- **DESCRIPTION OF THE TASK**: When you have read the listing, copy all of it without any change.

- **DATA IN THIS EXERCISE**:
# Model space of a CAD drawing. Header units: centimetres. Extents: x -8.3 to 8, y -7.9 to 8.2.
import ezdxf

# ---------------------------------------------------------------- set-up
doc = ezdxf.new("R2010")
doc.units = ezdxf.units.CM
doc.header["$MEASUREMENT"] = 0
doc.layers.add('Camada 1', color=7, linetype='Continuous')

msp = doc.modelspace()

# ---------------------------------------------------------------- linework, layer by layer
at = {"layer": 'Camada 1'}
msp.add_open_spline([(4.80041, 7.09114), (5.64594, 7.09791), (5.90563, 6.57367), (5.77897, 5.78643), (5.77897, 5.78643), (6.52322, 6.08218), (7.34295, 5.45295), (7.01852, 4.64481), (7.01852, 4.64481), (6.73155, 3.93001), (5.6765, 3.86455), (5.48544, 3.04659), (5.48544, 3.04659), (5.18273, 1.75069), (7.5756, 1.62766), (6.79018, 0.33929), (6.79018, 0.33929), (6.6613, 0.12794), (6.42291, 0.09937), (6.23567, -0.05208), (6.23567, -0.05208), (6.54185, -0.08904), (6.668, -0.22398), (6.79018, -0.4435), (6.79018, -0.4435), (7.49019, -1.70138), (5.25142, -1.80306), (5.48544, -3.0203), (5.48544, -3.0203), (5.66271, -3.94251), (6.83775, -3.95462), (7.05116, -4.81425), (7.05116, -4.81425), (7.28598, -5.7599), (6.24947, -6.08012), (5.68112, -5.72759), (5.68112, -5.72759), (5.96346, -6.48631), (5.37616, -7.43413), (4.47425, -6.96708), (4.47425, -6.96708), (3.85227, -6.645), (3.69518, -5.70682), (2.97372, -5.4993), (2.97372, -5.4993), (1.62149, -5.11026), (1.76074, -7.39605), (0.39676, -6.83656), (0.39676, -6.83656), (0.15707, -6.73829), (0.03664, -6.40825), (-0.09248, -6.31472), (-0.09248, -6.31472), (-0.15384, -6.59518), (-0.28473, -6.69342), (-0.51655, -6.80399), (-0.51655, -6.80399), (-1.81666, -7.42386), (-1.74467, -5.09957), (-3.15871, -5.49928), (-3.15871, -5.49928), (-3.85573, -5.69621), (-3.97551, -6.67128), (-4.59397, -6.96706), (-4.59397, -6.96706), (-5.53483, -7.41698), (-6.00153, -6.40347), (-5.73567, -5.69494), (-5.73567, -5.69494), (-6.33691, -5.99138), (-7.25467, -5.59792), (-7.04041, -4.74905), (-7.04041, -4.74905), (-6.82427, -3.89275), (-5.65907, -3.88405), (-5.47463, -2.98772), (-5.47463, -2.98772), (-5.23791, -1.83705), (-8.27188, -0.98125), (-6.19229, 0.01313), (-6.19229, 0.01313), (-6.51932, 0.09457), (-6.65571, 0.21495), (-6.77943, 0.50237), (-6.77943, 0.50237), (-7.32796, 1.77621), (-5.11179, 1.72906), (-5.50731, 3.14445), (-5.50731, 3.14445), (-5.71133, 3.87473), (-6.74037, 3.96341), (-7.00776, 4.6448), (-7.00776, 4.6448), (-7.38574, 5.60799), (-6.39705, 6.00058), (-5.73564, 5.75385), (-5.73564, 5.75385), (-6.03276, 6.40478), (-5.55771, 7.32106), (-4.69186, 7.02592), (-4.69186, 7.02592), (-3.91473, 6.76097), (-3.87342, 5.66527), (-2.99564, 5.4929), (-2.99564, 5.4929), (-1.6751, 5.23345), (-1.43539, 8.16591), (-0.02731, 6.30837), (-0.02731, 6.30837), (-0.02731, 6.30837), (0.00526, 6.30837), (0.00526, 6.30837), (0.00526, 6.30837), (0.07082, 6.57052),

- **RESPONSE AREA**:
# Model space of a CAD drawing. Header units: centimetres. Extents: x -8.3 to 8, y -7.9 to 8.2.
import ezdxf

# ---------------------------------------------------------------- set-up
doc = ezdxf.new("R2010")
doc.units = ezdxf.units.CM
doc.header["$MEASUREMENT"] = 0
doc.layers.add('Camada 1', color=7, linetype='Continuous')

msp = doc.modelspace()

# ---------------------------------------------------------------- linework, layer by layer
at = {"layer": 'Camada 1'}
msp.add_open_spline([(4.80041, 7.09114), (5.64594, 7.09791), (5.90563, 6.57367), (5.77897, 5.78643), (5.77897, 5.78643), (6.52322, 6.08218), (7.34295, 5.45295), (7.01852, 4.64481), (7.01852, 4.64481), (6.73155, 3.93001), (5.6765, 3.86455), (5.48544, 3.04659), (5.48544, 3.04659), (5.18273, 1.75069), (7.5756, 1.62766), (6.79018, 0.33929), (6.79018, 0.33929), (6.6613, 0.12794), (6.42291, 0.09937), (6.23567, -0.05208), (6.23567, -0.05208), (6.54185, -0.08904), (6.668, -0.22398), (6.79018, -0.4435), (6.79018, -0.4435), (7.49019, -1.70138), (5.25142, -1.80306), (5.48544, -3.0203), (5.48544, -3.0203), (5.66271, -3.94251), (6.83775, -3.95462), (7.05116, -4.81425), (7.05116, -4.81425), (7.28598, -5.7599), (6.24947, -6.08012), (5.68112, -5.72759), (5.68112, -5.72759), (5.96346, -6.48631), (5.37616, -7.43413), (4.47425, -6.96708), (4.47425, -6.96708), (3.85227, -6.645), (3.69518, -5.70682), (2.97372, -5.4993), (2.97372, -5.4993), (1.62149, -5.11026), (1.76074, -7.39605), (0.39676, -6.83656), (0.39676, -6.83656), (0.15707, -6.73829), (0.03664, -6.40825), (-0.09248, -6.31472), (-0.09248, -6.31472), (-0.15384, -6.59518), (-0.28473, -6.69342), (-0.51655, -6.80399), (-0.51655, -6.80399), (-1.81666, -7.42386), (-1.74467, -5.09957), (-3.15871, -5.49928), (-3.15871, -5.49928), (-3.85573, -5.69621), (-3.97551, -6.67128), (-4.59397, -6.96706), (-4.59397, -6.96706), (-5.53483, -7.41698), (-6.00153, -6.40347), (-5.73567, -5.69494), (-5.73567, -5.69494), (-6.33691, -5.99138), (-7.25467, -5.59792), (-7.04041, -4.74905), (-7.04041, -4.74905), (-6.82427, -3.89275), (-5.65907, -3.88405), (-5.47463, -2.98772), (-5.47463, -2.98772), (-5.23791, -1.83705), (-8.27188, -0.98125), (-6.19229, 0.01313), (-6.19229, 0.01313), (-6.51932, 0.09457), (-6.65571, 0.21495), (-6.77943, 0.50237), (-6.77943, 0.50237), (-7.32796, 1.77621), (-5.11179, 1.72906), (-5.50731, 3.14445), (-5.50731, 3.14445), (-5.71133, 3.87473), (-6.74037, 3.96341), (-7.00776, 4.6448), (-7.00776, 4.6448), (-7.38574, 5.60799), (-6.39705, 6.00058), (-5.73564, 5.75385), (-5.73564, 5.75385), (-6.03276, 6.40478), (-5.55771, 7.32106), (-4.69186, 7.02592), (-4.69186, 7.02592), (-3.91473, 6.76097), (-3.87342, 5.66527), (-2.99564, 5.4929), (-2.99564, 5.4929), (-1.6751, 5.23345), (-1.43539, 8.16591), (-0.02731, 6.30837), (-0.02731, 6.30837), (-0.02731, 6.30837), (0.00526, 6.30837), (0.00526, 6.30837), (0.00526, 6.30837), (0.07082, 6.57052),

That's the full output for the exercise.